Revoilà donc le groupe d'humoristes le plus politisé d'ici, mettons de la rivière des Outaouais aux contours de l'ancienne république de Madawaska. Cette fois, la joyeuse bande se réduit à trois (François Parenteau, Christian Vanasse et François Patenaude) et se présente sous le titre Les Zapartistes à l'île de Pâques.

Drôle de titre pour un spectacle qui l'est malheureusement moins que souhaité. L'appellation dérive d'une métaphore peu exploitée dans le show, le triste cas de la disparition de la civilisation du Pacifique pour cause de surexploitation des maigres ressources de l'île servant d'avertissement à notre propre monde de dilapidateurs rotant dans leur mangeoire.

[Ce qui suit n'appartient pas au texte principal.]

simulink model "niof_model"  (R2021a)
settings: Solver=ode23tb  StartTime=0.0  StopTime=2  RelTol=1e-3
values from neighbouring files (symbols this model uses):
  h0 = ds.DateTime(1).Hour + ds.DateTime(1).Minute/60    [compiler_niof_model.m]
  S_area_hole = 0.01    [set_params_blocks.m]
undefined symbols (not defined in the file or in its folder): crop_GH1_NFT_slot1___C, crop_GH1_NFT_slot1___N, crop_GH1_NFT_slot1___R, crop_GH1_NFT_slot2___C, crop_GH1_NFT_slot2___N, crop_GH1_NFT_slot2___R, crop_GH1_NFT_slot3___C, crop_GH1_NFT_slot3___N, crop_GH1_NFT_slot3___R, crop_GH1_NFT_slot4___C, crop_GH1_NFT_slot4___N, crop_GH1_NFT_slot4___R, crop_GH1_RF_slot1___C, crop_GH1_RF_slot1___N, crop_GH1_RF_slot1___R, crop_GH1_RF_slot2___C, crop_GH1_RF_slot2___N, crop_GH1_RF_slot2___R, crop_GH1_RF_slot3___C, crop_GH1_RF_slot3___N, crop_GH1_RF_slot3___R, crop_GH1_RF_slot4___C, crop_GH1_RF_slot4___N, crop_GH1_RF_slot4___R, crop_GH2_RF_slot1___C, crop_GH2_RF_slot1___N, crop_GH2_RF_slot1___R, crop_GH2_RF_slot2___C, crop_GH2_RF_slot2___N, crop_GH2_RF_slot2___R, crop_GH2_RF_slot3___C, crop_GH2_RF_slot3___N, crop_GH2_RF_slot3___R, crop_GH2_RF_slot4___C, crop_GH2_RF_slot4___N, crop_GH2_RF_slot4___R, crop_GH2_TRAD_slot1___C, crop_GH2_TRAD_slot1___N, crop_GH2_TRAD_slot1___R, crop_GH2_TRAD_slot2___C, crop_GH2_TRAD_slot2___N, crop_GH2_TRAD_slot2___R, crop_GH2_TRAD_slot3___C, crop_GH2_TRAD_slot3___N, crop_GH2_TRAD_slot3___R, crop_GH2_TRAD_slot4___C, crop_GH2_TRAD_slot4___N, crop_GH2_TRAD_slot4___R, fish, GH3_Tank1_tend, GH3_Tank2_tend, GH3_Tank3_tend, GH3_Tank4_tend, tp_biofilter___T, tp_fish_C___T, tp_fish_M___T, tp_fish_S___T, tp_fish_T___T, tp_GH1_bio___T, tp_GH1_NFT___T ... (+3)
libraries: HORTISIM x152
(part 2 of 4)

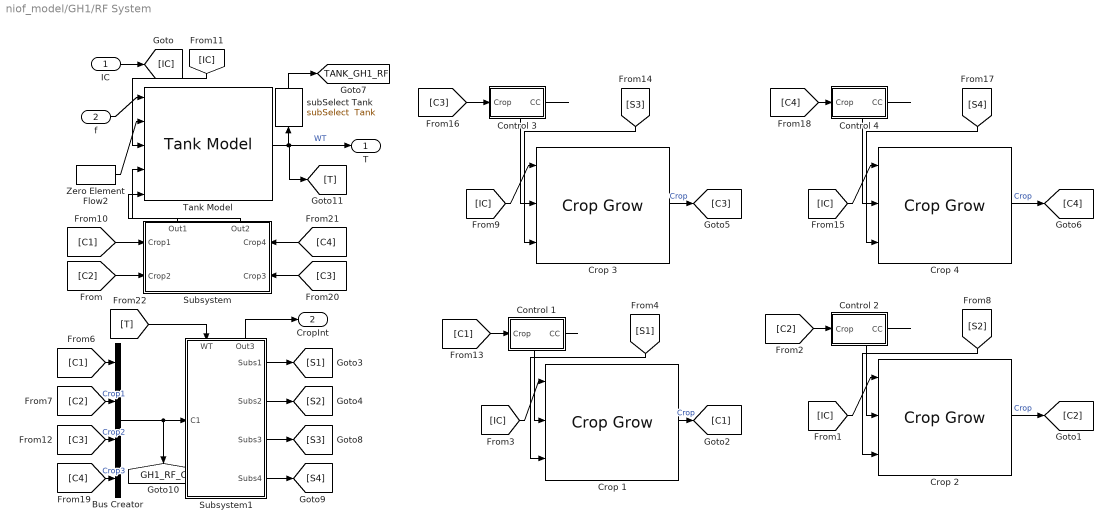
== system niof_model/GH1/RF System ==
  IC : Inport
  f : Inport  Port=2
  Bus Creator : BusCreator  Inputs=4
  Control 1 : Subsystem
  Control 2 : Subsystem
  Control 3 : Subsystem
  Control 4 : Subsystem
  Crop 1 : HORTISIM/Horticulture/Models/Crop Grow  Chi_nutrients=crop_GH1_RF_slot1___Chi_nutrients  A_v=crop_GH1_RF_slot1___A_v  plants_density=crop_GH1_RF_slot1___plants_density  fraction_DM=crop_GH1_RF_slot1___fraction_DM  min_water_capacity=crop_GH1_RF_slot1___min_water_capacity  C_buf_max=crop_GH1_RF_slot1___C_buf_max  T_v_start_fruit=crop_GH1_RF_slot1___T_v_start_fruit  int_air_speed=crop_GH1_RF_slot1___int_air_speed  b_N_uptake=crop_GH1_RF_slot1___b_N_uptake  Tv=crop_GH1_RF_slot1___Tv  C=crop_GH1_RF_slot1___C  R=crop_GH1_RF_slot1___R  Tsum=crop_GH1_RF_slot1___Tsum  C_wv=crop_GH1_RF_slot1___C_wv  N=crop_GH1_RF_slot1___N  rg_fruit=crop_GH1_RF_slot1___rg_fruit  c_fruit_m=crop_GH1_RF_slot1___c_fruit_m  c_fruit_g=crop_GH1_RF_slot1___c_fruit_g  rg_leaf=crop_GH1_RF_slot1___rg_leaf  c_leaf_m=crop_GH1_RF_slot1___c_leaf_m  c_leaf_g=crop_GH1_RF_slot1___c_leaf_g  rg_stem=crop_GH1_RF_slot1___rg_stem  c_stem_m=crop_GH1_RF_slot1___c_stem_m  c_stem_g=crop_GH1_RF_slot1___c_stem_g  VelocityAbsortion=crop_GH1_RF_slot1___VelocityAbsortion  T_max_v=crop_GH1_RF_slot1___T_max_v  s_max_T=crop_GH1_RF_slot1___s_max_T  s_min_T=crop_GH1_RF_slot1___s_min_T  s_buforg_buf=crop_GH1_RF_slot1___s_buforg_buf  T_sum_end=crop_GH1_RF_slot1___T_sum_end  T_max_v24=crop_GH1_RF_slot1___T_max_v24  T_min_v24=crop_GH1_RF_slot1___T_min_v24  s_min_T24=crop_GH1_RF_slot1___s_min_T24  s_max_T24=crop_GH1_RF_slot1___s_max_T24  T_min_v=crop_GH1_RF_slot1___T_min_v
      settings: SourceProductName=Horti Simulator
  Crop 2 : HORTISIM/Horticulture/Models/Crop Grow  Chi_nutrients=crop_GH1_RF_slot2___Chi_nutrients  A_v=crop_GH1_RF_slot2___A_v  plants_density=crop_GH1_RF_slot2___plants_density  fraction_DM=crop_GH1_RF_slot2___fraction_DM  min_water_capacity=crop_GH1_RF_slot2___min_water_capacity  C_buf_max=crop_GH1_RF_slot2___C_buf_max  T_v_start_fruit=crop_GH1_RF_slot2___T_v_start_fruit  int_air_speed=crop_GH1_RF_slot2___int_air_speed  b_N_uptake=crop_GH1_RF_slot2___b_N_uptake  Tv=crop_GH1_RF_slot2___Tv  C=crop_GH1_RF_slot2___C  R=crop_GH1_RF_slot2___R  Tsum=crop_GH1_RF_slot2___Tsum  C_wv=crop_GH1_RF_slot2___C_wv  N=crop_GH1_RF_slot2___N  rg_fruit=crop_GH1_RF_slot2___rg_fruit  c_fruit_m=crop_GH1_RF_slot2___c_fruit_m  c_fruit_g=crop_GH1_RF_slot2___c_fruit_g  rg_leaf=crop_GH1_RF_slot2___rg_leaf  c_leaf_m=crop_GH1_RF_slot2___c_leaf_m  c_leaf_g=crop_GH1_RF_slot2___c_leaf_g  rg_stem=crop_GH1_RF_slot2___rg_stem  c_stem_m=crop_GH1_RF_slot2___c_stem_m  c_stem_g=crop_GH1_RF_slot2___c_stem_g  VelocityAbsortion=crop_GH1_RF_slot2___VelocityAbsortion  T_max_v=crop_GH1_RF_slot2___T_max_v  s_max_T=crop_GH1_RF_slot2___s_max_T  s_min_T=crop_GH1_RF_slot2___s_min_T  s_buforg_buf=crop_GH1_RF_slot2___s_buforg_buf  T_sum_end=crop_GH1_RF_slot2___T_sum_end  T_max_v24=crop_GH1_RF_slot2___T_max_v24  T_min_v24=crop_GH1_RF_slot2___T_min_v24  s_min_T24=crop_GH1_RF_slot2___s_min_T24  s_max_T24=crop_GH1_RF_slot2___s_max_T24  T_min_v=crop_GH1_RF_slot2___T_min_v
      settings: SourceProductName=Horti Simulator
  Crop 3 : HORTISIM/Horticulture/Models/Crop Grow  Chi_nutrients=crop_GH1_RF_slot3___Chi_nutrients  A_v=crop_GH1_RF_slot3___A_v  plants_density=crop_GH1_RF_slot3___plants_density  fraction_DM=crop_GH1_RF_slot3___fraction_DM  min_water_capacity=crop_GH1_RF_slot3___min_water_capacity  C_buf_max=crop_GH1_RF_slot3___C_buf_max  T_v_start_fruit=crop_GH1_RF_slot3___T_v_start_fruit  int_air_speed=crop_GH1_RF_slot3___int_air_speed  b_N_uptake=crop_GH1_RF_slot3___b_N_uptake  Tv=crop_GH1_RF_slot3___Tv  C=crop_GH1_RF_slot3___C  R=crop_GH1_RF_slot3___R  Tsum=crop_GH1_RF_slot3___Tsum  C_wv=crop_GH1_RF_slot3___C_wv  N=crop_GH1_RF_slot3___N  rg_fruit=crop_GH1_RF_slot3___rg_fruit  c_fruit_m=crop_GH1_RF_slot3___c_fruit_m  c_fruit_g=crop_GH1_RF_slot3___c_fruit_g  rg_leaf=crop_GH1_RF_slot3___rg_leaf  c_leaf_m=crop_GH1_RF_slot3___c_leaf_m  c_leaf_g=crop_GH1_RF_slot3___c_leaf_g  rg_stem=crop_GH1_RF_slot3___rg_stem  c_stem_m=crop_GH1_RF_slot3___c_stem_m  c_stem_g=crop_GH1_RF_slot3___c_stem_g  VelocityAbsortion=crop_GH1_RF_slot3___VelocityAbsortion  T_max_v=crop_GH1_RF_slot3___T_max_v  s_max_T=crop_GH1_RF_slot3___s_max_T  s_min_T=crop_GH1_RF_slot3___s_min_T  s_buforg_buf=crop_GH1_RF_slot3___s_buforg_buf  T_sum_end=crop_GH1_RF_slot3___T_sum_end  T_max_v24=crop_GH1_RF_slot3___T_max_v24  T_min_v24=crop_GH1_RF_slot3___T_min_v24  s_min_T24=crop_GH1_RF_slot3___s_min_T24  s_max_T24=crop_GH1_RF_slot3___s_max_T24  T_min_v=crop_GH1_RF_slot3___T_min_v
      settings: SourceProductName=Horti Simulator
  Crop 4 : HORTISIM/Horticulture/Models/Crop Grow  Chi_nutrients=crop_GH1_RF_slot4___Chi_nutrients  A_v=crop_GH1_RF_slot4___A_v  plants_density=crop_GH1_RF_slot4___plants_density  fraction_DM=crop_GH1_RF_slot4___fraction_DM  min_water_capacity=crop_GH1_RF_slot4___min_water_capacity  C_buf_max=crop_GH1_RF_slot4___C_buf_max  T_v_start_fruit=crop_GH1_RF_slot4___T_v_start_fruit  int_air_speed=crop_GH1_RF_slot4___int_air_speed  b_N_uptake=crop_GH1_RF_slot4___b_N_uptake  Tv=crop_GH1_RF_slot4___Tv  C=crop_GH1_RF_slot4___C  R=crop_GH1_RF_slot4___R  Tsum=crop_GH1_RF_slot4___Tsum  C_wv=crop_GH1_RF_slot4___C_wv  N=crop_GH1_RF_slot4___N  rg_fruit=crop_GH1_RF_slot4___rg_fruit  c_fruit_m=crop_GH1_RF_slot4___c_fruit_m  c_fruit_g=crop_GH1_RF_slot4___c_fruit_g  rg_leaf=crop_GH1_RF_slot4___rg_leaf  c_leaf_m=crop_GH1_RF_slot4___c_leaf_m  c_leaf_g=crop_GH1_RF_slot4___c_leaf_g  rg_stem=crop_GH1_RF_slot4___rg_stem  c_stem_m=crop_GH1_RF_slot4___c_stem_m  c_stem_g=crop_GH1_RF_slot4___c_stem_g  VelocityAbsortion=crop_GH1_RF_slot4___VelocityAbsortion  T_max_v=crop_GH1_RF_slot4___T_max_v  s_max_T=crop_GH1_RF_slot4___s_max_T  s_min_T=crop_GH1_RF_slot4___s_min_T  s_buforg_buf=crop_GH1_RF_slot4___s_buforg_buf  T_sum_end=crop_GH1_RF_slot4___T_sum_end  T_max_v24=crop_GH1_RF_slot4___T_max_v24  T_min_v24=crop_GH1_RF_slot4___T_min_v24  s_min_T24=crop_GH1_RF_slot4___s_min_T24  s_max_T24=crop_GH1_RF_slot4___s_max_T24  T_min_v=crop_GH1_RF_slot4___T_min_v
      settings: SourceProductName=Horti Simulator
  Subsystem : Subsystem
      settings: PortSchema="{\"entries\":[{\"content\":{\"sides\":[{\"content\":{\"connectorIds\":[]},\"type\":\"ConnectorPlacement.EquallySpacedRectSide\",\"uuid\":\"331b7e07-99e0-48a1-afa9-efd959d86c3c\"},{\"content\":{\"connectorIds\":[\"Out1\",\"Out2\"],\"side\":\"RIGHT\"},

Cela admis, la formule, éprouvée et toute simple, ne se renouvelle pas suffisamment. Même les costumes et les accessoires se résument à peu de chose (trois micros et autant de lutrins) dans cet enrobage que les gars doivent pouvoir déménager dans le coffre d'une voiture compacte. Les lascars se présentent en groupe ou en solo pour livrer en cascade leurs numéros. À la longue, cette mécanique mâle, trop mâle (où sont passées Geneviève Rochette et Brigitte Poupard?), répétitive, simpliste et sans audace finit par lasser.

Après huit ans ou presque sur scène, cette troupe mériterait un metteur en scène, un septième oeil, quelqu'un capable d'organiser les personnages et les déplacements, de séparer la crème assassine du petit lait critique. Il y a peut-être une heure de trop dans ce show qui, comme tous les autres enchaînements, ne tient qu'à son maillon le plus fable. Bref, l'humour povera a peut-être fait son temps.

Il y a tout de même des bijoux dans le lot. Le cours d'initiation à la société québécoise pour immigrants livré par François Parenteau par exemple. Il leur explique qu'ici toutes les orientations sexuelles sont permises, vraiment toutes, sauf la polygamie. «Vous avez droit au sexe de votre choix, c'est le cumul qui est interdit», lance son personnage déjà campé par Daniel Lemire et d'autres humoristes, encore plus d'actualité depuis la commission Bouchard-Taylor.

Seulement, une hirondelle ne fait pas le printemps, ni une tempête, l'hiver. C'est l'accumulation du même qui fait l'autre ici comme sur l'île de Pâques...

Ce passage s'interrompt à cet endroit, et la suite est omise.